By the end of developer testing investment in this phase, the engagement has:

• A passing test suite running on every PR and every mainline commit, with required passing checks gating merge
• Critical paths covered with both example-based tests and property-based tests where the path’s risk justifies the additional discipline
• A coverage threshold enforced in CI matching the engagement’s priced coverage posture, documented in CONTRIBUTING.md
• A test suite that runs locally in under five minutes for the typical inner-loop feedback cycle, with a comprehensive cycle reserved for CI
• Mocking practices that mock at architectural boundaries only, with real dependencies used where their cost is acceptable
• Documented test conventions covering framework, layout, naming, mock patterns, and operational procedures — ready for client handoff
• A clean handoff to QA / Testing, where the developer-test suite supports rather than overlaps with system-level QA cycles

What the industry does

TDD-strict vs. pragmatic shops. TDD-strict agencies follow test-driven development as the dominant discipline — tests written before code, red-green-refactor cycles, no production code without a failing test first. Trade-off: produces clean interfaces and high coverage by construction; harder to staff with engineers who deliver consistently under TDD; slower in some early-engagement scenarios. Pragmatic agencies treat TDD as one tool among several — used where it fits (algorithmic work, complex domain logic, contract-heavy code), set aside where it does not (UI exploration, prototyping, simple glue code). Trade-off: faster overall delivery, more variable test quality, requires team discipline to maintain testing rigour without TDD’s structural enforcement. TDD-strict survives in agencies with strong functional-programming or domain-driven-design cultures and in regulated engagements where the test discipline is a procurement requirement; pragmatic dominates in modern software agencies because TDD is hard to staff and inconsistent TDD is worse than disciplined non-TDD. Most agencies adopt pragmatic-by-default with a TDD-encouraged stance for engineers who deliver well under it.

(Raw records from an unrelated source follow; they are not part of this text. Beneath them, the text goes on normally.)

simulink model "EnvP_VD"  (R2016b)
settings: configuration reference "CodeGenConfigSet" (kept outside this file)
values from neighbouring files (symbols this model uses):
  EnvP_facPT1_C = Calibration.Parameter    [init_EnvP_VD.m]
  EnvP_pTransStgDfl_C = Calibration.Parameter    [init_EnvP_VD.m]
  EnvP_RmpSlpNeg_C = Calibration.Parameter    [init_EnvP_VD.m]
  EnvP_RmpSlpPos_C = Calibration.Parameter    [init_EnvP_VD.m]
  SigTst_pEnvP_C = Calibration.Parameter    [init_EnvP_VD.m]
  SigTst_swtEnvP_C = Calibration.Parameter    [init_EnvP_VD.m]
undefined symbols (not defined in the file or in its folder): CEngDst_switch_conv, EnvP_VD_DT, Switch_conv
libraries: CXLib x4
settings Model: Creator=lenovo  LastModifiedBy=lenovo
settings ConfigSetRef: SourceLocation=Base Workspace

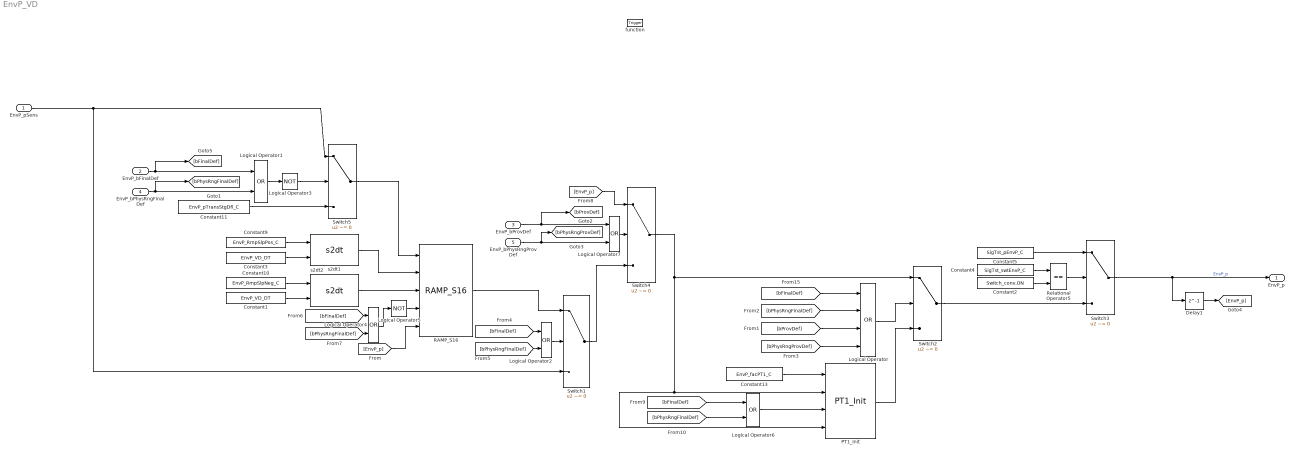
== system EnvP_VD ==
  EnvP_pSens : Inport  Tag=kPa  Description=Raw physical value  OutMin=0  OutMax=1200  OutDataTypeStr=AirPressure_kPa
  EnvP_bFinalDef : Inport  Description=Environment pressure sensor finally defect flag  Port=2  OutMin=0  OutMax=1  OutDataTypeStr=boolean
  EnvP_bProvDef : Inport  Description=Environment pressure sensor temporary defect flag  Port=3  OutMin=0  OutMax=1  OutDataTypeStr=boolean
  EnvP_bPhysRngFinalDef : Inport  Description=Environment pressure sensor physical range finally defect  Port=4  OutMin=0  OutMax=1  OutDataTypeStr=boolean
  EnvP_bPhysRngProvDef : Inport  Description=Environment pressure sensor physical range temporary defect  Port=5  OutMin=0  OutMax=1  OutDataTypeStr=boolean
  function : TriggerPort  TriggerType=function-call  VariantControl=Variant
  Constant1 : Constant  Value=EnvP_VD_DT  OutDataTypeStr=Inherit: Inherit via back propagation
  Constant10 : Constant  RequirementInfo={'other' 'CEngDsT_requirements.doc' '@Simulink_requirement_item_8' 'true' '冷却水温故障时斜坡至默认值' '' } %GIDa_8b51e30d_3fed_4578_b862_07a9192f7094  Value=EnvP_RmpSlpNeg_C  SampleTime=-1
  Constant11 : Constant  RequirementInfo={'other' 'CEngDsT_requirements.doc' '@Simulink_requirement_item_8' 'true' '冷却水温故障时斜坡至默认值' '' } %GIDa_e17b814d_2c78_4849_a646_c2bfce48f8cb  Value=EnvP_pTransStgDfl_C  SampleTime=-1
  Constant13 : Constant  Value=EnvP_facPT1_C  SampleTime=-1
  Constant2 : Constant  RequirementInfo={'other' 'APP_requirements.doc' '@Simulink_requirement_item_25' 'true' '手动开关' '' } %GIDa_97a72ce1_7d44_4d59_a9db_9e24c49048f3  Value=Switch_conv.ON  OutDataTypeStr=Inherit: Inherit via back propagation
  Constant3 : Constant  Value=EnvP_VD_DT  OutDataTypeStr=Inherit: Inherit via back propagation
  Constant4 : Constant  RequirementInfo={'other' 'CEngDsT_requirements.doc' '@Simulink_requirement_item_6' 'true' '手动冷却水温值' '' } %GIDa_78b71db0_407f_463c_b40a_58853ac02589  Value=SigTst_swtEnvP_C  SampleTime=-1
  Constant5 : Constant  RequirementInfo={'other' 'CEngDsT_requirements.doc' '@Simulink_requirement_item_6' 'true' '手动冷却水温值' '' } %GIDa_d59b62ca_b964_47d3_9302_fbd97b0d16b6  Value=SigTst_pEnvP_C  SampleTime=-1
  Constant9 : Constant  RequirementInfo={'other' 'CEngDsT_requirements.doc' '@Simulink_requirement_item_8' 'true' '冷却水温故障时斜坡至默认值' '' } %GIDa_24e3dd61_05cb_4b09_9b03_8807a1549053  Value=EnvP_RmpSlpPos_C  SampleTime=-1
  Delay1 : Delay  DialogController=Simulink.DDGSource  DelayLength=1  InitialCondition=0
  Logical Operator : Logic  Operator=OR  Inputs=4  OutDataTypeStr=boolean
  Logical Operator{1..2,4,6..7} (5 alike) : Logic  Operator=OR  OutDataTypeStr=boolean
  Logical Operator3 : Logic  Operator=NOT  AllPortsSameDT=off  OutDataTypeStr=boolean
  Logical Operator5 : Logic  Operator=NOT  AllPortsSameDT=off  OutDataTypeStr=boolean
  PT1_Init : CXLib/PT1_Init
  RAMP_S16 : CXLib/RAMP_S16  RequirementInfo={'other' 'CEngDsT_requirements.doc' '@Simulink_requirement_item_8' 'true' '冷却水温故障时斜坡至默认值' '' } %GIDa_d5bc8cc9_487c_4666_8fca_402446b727fb
  Relational Operator5 : RelationalOperator  Operator===  OutDataTypeStr=boolean  RndMeth=Simplest  InputSameDT=on
  Switch1 : Switch  Criteria=u2 ~= 0  InputSameDT=on
  Switch2 : Switch  RequirementInfo={'other' 'CEngDsT_requirements.doc' '@Simulink_requirement_item_5' 'true' '冷却水温滤波去抖动' '' } %GIDa_890eeffe_50f1_4e6b_bd17_7d653fc513c6  Criteria=u2 ~= 0  InputSameDT=on
  Switch3 : Switch  RequirementInfo={'other' 'CEngDsT_requirements.doc' '@Simulink_requirement_item_6' 'true' '手动冷却水温值' '' } %GIDa_9621f7e7_909d_4b84_994e_39f744445bbc  Criteria=u2 ~= 0  Threshold=CEngDst_switch_conv.OFF  InputSameDT=on
  Switch4 : Switch  Criteria=u2 ~= 0  InputSameDT=on
  Switch5 : Switch  Criteria=u2 ~= 0  InputSameDT=on
  s2dt1 : CXLib/s2dt
  s2dt2 : CXLib/s2dt
  EnvP_p : Outport  Tag=kPa  Description=Barometric pressure  OutMin=0  OutMax=3276  OutDataTypeStr=AirPressure_kPa
  wires:
  [EnvP_p] -> Switch4/1
  s2dt2/1 -> RAMP_S16/3
  Constant1/1 -> s2dt2/2
  Constant3/1 -> s2dt1/2
  s2dt1/1 -> RAMP_S16/2
  [EnvP_p] -> RAMP_S16/5
  Delay1/1 -> [EnvP_p]
  Logical Operator6/1 -> PT1_Init/3
  [bPhysRngFinalDef] -> Logical Operator6/2
  [bFinalDef] -> Logical Operator6/1
  Logical Operator5/1 -> RAMP_S16/4
  [bPhysRngFinalDef] -> Logical Operator4/2
  [bFinalDef] -> Logical Operator4/1
  [bPhysRngFinalDef] -> Logical Operator2/2
  [bFinalDef] -> Logical Operator2/1
  Constant2/1 -> Relational Operator5/2
  Constant4/1 -> Relational Operator5/1
  Relational Operator5/1 -> Switch3/2
  [bPhysRngProvDef] -> Logical Operator/4
  [bProvDef] -> Logical Operator/3
  [bPhysRngFinalDef] -> Logical Operator/2
  [bFinalDef] -> Logical Operator/1
  EnvP_bPhysRngProvDef/1 -> Logical Operator7/2, [bPhysRngProvDef]
  EnvP_bProvDef/1 -> Logical Operator7/1, [bProvDef]
  EnvP_bFinalDef/1 -> Logical Operator1/1, [bFinalDef]
  EnvP_bPhysRngFinalDef/1 -> Logical Operator1/2, [bPhysRngFinalDef]
  PT1_Init/1 -> Switch2/3
  RAMP_S16/1 -> Switch1/1
  Switch5/1 -> RAMP_S16/1
  Constant13/1 -> PT1_Init/1
  Constant10/1 -> s2dt2/1
  Constant9/1 -> s2dt1/1
  Constant5/1 -> Switch3/1
  Logical Operator4/1 -> Logical Operator5/1
  Logical Operator2/1 -> Switch1/2
  Logical Operator7/1 -> Switch4/2
  Logical Operator3/1 -> Switch5/2
  Logical Operator1/1 -> Logical Operator3/1
  Constant11/1 -> Switch5/3
  Switch3/1 -> EnvP_p/1, Delay1/1  "EnvP_p"
  Switch2/1 -> Switch3/3
  Logical Operator/1 -> Switch2/2
  Switch1/1 -> Switch4/3
  Switch4/1 -> Switch2/1, PT1_Init/4, PT1_Init/2
  EnvP_pSens/1 -> Switch5/1, Switch1/3

High-coverage-mandated vs. coverage-as-signal cultures. High-coverage-mandated agencies set a fixed coverage threshold (often 80% or 90%) as a non-negotiable CI gate. Trade-off: produces predictable coverage; risks cargo-cult test-writing on trivial code. Coverage-as-signal agencies track coverage trends without strict thresholds, treating coverage as one signal among many — coverage drops trigger investigation, not a CI failure. Trade-off: more flexible response to genuinely low-coverage code; requires team-wide discipline to prevent coverage drift. Threshold-mandated dominates in larger agencies and regulated work; coverage-as-signal survives in smaller specialised agencies and in TDD-strict cultures where the discipline produces high coverage organically without needing a threshold gate.

Inverted-pyramid vs. classic-pyramid testing models. Classic-pyramid agencies write many unit tests, fewer integration tests, fewest end-to-end tests — the test pyramid as defined by Mike Cohn. Trade-off: fast feedback, low test-suite operational cost; misses bugs that only appear at higher integration levels. Inverted-pyramid (or “honeycomb”) agencies invest more in integration and contract tests at the expense of unit-test count — the failures most worth catching are integration failures, not function-level bugs. Trade-off: higher test-suite operational cost, slower feedback, but catches the bugs that ship to production. Modern agencies trend toward integration-heavy or honeycomb shapes because well-designed unit tests catch fewer bugs than integration tests for the same effort; classic-pyramid survives in TDD-heavy cultures and in legacy engagements with inherited unit-test investment.